[Available data]

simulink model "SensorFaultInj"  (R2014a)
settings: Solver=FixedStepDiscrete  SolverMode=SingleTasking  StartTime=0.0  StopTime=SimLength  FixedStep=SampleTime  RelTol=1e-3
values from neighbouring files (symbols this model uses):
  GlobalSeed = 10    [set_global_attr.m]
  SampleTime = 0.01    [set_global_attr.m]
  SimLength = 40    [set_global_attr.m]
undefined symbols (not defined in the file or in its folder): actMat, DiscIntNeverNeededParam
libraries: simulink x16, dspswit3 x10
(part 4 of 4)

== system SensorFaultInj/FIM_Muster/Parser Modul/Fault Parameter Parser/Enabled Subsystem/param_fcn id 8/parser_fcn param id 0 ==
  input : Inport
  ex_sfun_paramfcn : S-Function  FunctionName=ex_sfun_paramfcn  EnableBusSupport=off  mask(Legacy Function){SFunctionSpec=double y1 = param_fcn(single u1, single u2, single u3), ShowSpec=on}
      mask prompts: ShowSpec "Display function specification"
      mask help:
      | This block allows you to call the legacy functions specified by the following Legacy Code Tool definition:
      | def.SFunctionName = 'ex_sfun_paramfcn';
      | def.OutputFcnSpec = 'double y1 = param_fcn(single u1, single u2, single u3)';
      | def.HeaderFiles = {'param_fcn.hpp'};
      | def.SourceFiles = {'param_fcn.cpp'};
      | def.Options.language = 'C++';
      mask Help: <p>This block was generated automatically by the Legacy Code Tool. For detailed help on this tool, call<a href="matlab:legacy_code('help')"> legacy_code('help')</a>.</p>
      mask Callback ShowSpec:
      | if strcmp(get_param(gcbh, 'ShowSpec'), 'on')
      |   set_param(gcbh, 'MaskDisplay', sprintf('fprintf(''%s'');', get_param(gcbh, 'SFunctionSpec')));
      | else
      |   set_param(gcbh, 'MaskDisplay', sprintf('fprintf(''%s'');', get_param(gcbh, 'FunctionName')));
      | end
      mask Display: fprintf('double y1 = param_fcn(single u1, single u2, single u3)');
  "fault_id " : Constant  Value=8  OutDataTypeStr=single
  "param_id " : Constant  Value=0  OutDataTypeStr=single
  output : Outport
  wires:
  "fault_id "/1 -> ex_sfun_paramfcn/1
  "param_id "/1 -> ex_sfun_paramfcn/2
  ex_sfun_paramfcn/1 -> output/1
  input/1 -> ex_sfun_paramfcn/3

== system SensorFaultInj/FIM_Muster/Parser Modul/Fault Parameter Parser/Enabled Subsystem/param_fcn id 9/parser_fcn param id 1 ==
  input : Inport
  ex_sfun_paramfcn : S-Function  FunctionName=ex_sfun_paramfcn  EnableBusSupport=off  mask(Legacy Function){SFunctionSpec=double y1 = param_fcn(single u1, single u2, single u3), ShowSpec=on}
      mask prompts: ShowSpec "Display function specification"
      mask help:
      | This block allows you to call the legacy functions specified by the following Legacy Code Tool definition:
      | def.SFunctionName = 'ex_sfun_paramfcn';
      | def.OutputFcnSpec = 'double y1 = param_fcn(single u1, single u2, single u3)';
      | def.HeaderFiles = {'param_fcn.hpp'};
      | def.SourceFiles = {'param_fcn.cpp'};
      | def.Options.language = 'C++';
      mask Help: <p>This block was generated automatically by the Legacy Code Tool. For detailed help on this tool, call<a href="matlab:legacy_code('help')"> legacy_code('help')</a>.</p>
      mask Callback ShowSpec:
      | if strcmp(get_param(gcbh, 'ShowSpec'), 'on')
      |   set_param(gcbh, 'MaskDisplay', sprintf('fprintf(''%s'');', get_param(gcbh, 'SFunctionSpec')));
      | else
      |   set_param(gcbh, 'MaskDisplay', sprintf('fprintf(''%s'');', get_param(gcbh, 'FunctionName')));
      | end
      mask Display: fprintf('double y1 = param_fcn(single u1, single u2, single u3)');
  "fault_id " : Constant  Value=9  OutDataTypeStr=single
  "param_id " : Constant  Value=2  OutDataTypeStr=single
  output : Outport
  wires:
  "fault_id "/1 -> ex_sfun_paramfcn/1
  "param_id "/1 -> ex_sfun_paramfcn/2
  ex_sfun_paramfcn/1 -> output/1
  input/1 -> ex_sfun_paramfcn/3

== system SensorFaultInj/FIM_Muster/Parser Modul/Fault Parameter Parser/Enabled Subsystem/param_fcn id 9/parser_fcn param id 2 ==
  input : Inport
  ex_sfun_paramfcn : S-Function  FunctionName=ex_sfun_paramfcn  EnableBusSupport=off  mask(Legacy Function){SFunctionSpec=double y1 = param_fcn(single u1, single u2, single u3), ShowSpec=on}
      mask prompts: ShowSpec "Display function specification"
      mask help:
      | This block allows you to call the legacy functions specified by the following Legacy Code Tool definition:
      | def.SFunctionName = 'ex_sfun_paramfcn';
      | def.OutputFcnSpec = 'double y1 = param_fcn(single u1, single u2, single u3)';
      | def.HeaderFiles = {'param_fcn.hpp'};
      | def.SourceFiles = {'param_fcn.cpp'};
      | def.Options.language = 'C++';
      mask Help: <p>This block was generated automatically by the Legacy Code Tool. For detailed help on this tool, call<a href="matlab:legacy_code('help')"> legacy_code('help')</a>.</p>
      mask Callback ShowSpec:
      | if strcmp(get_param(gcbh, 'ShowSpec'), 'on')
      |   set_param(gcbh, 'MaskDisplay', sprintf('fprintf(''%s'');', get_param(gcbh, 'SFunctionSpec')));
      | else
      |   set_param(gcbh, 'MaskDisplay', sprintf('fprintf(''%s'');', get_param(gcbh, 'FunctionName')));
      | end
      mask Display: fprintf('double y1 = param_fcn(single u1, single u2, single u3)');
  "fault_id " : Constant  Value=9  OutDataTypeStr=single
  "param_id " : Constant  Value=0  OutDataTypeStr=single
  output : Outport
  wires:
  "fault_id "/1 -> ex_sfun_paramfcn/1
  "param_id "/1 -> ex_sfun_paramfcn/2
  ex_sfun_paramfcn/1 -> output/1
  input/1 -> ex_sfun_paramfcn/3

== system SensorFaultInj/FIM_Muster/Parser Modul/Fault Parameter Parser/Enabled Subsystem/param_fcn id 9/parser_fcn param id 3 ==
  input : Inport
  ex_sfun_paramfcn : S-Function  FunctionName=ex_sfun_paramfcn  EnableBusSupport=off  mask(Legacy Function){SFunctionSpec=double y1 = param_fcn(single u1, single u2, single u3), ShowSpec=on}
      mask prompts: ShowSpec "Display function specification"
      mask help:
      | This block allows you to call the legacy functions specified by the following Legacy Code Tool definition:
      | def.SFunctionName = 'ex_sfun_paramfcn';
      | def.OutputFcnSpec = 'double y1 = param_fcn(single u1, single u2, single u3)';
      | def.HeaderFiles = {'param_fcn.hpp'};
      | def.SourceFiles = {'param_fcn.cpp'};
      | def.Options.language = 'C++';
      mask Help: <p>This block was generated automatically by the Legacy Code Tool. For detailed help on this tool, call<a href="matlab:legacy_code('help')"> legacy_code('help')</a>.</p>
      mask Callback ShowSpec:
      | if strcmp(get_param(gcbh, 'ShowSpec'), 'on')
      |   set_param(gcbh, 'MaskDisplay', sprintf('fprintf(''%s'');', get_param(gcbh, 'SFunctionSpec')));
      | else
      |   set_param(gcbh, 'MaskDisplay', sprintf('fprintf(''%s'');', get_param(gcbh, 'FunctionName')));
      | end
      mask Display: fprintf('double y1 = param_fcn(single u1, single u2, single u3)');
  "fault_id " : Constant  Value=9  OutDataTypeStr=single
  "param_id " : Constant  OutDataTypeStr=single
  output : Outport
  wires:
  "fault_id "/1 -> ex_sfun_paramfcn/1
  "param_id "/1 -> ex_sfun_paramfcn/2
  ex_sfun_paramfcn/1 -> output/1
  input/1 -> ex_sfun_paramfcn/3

[/Available data]

→ Instructions for the task: Return, from the data above, each line in which the string "Modul" appears.

→ Exercise result:
== system SensorFaultInj/FIM_Muster/Parser Modul/Fault Parameter Parser/Enabled Subsystem/param_fcn id 8/parser_fcn param id 0 ==
== system SensorFaultInj/FIM_Muster/Parser Modul/Fault Parameter Parser/Enabled Subsystem/param_fcn id 9/parser_fcn param id 1 ==
== system SensorFaultInj/FIM_Muster/Parser Modul/Fault Parameter Parser/Enabled Subsystem/param_fcn id 9/parser_fcn param id 2 ==
== system SensorFaultInj/FIM_Muster/Parser Modul/Fault Parameter Parser/Enabled Subsystem/param_fcn id 9/parser_fcn param id 3 ==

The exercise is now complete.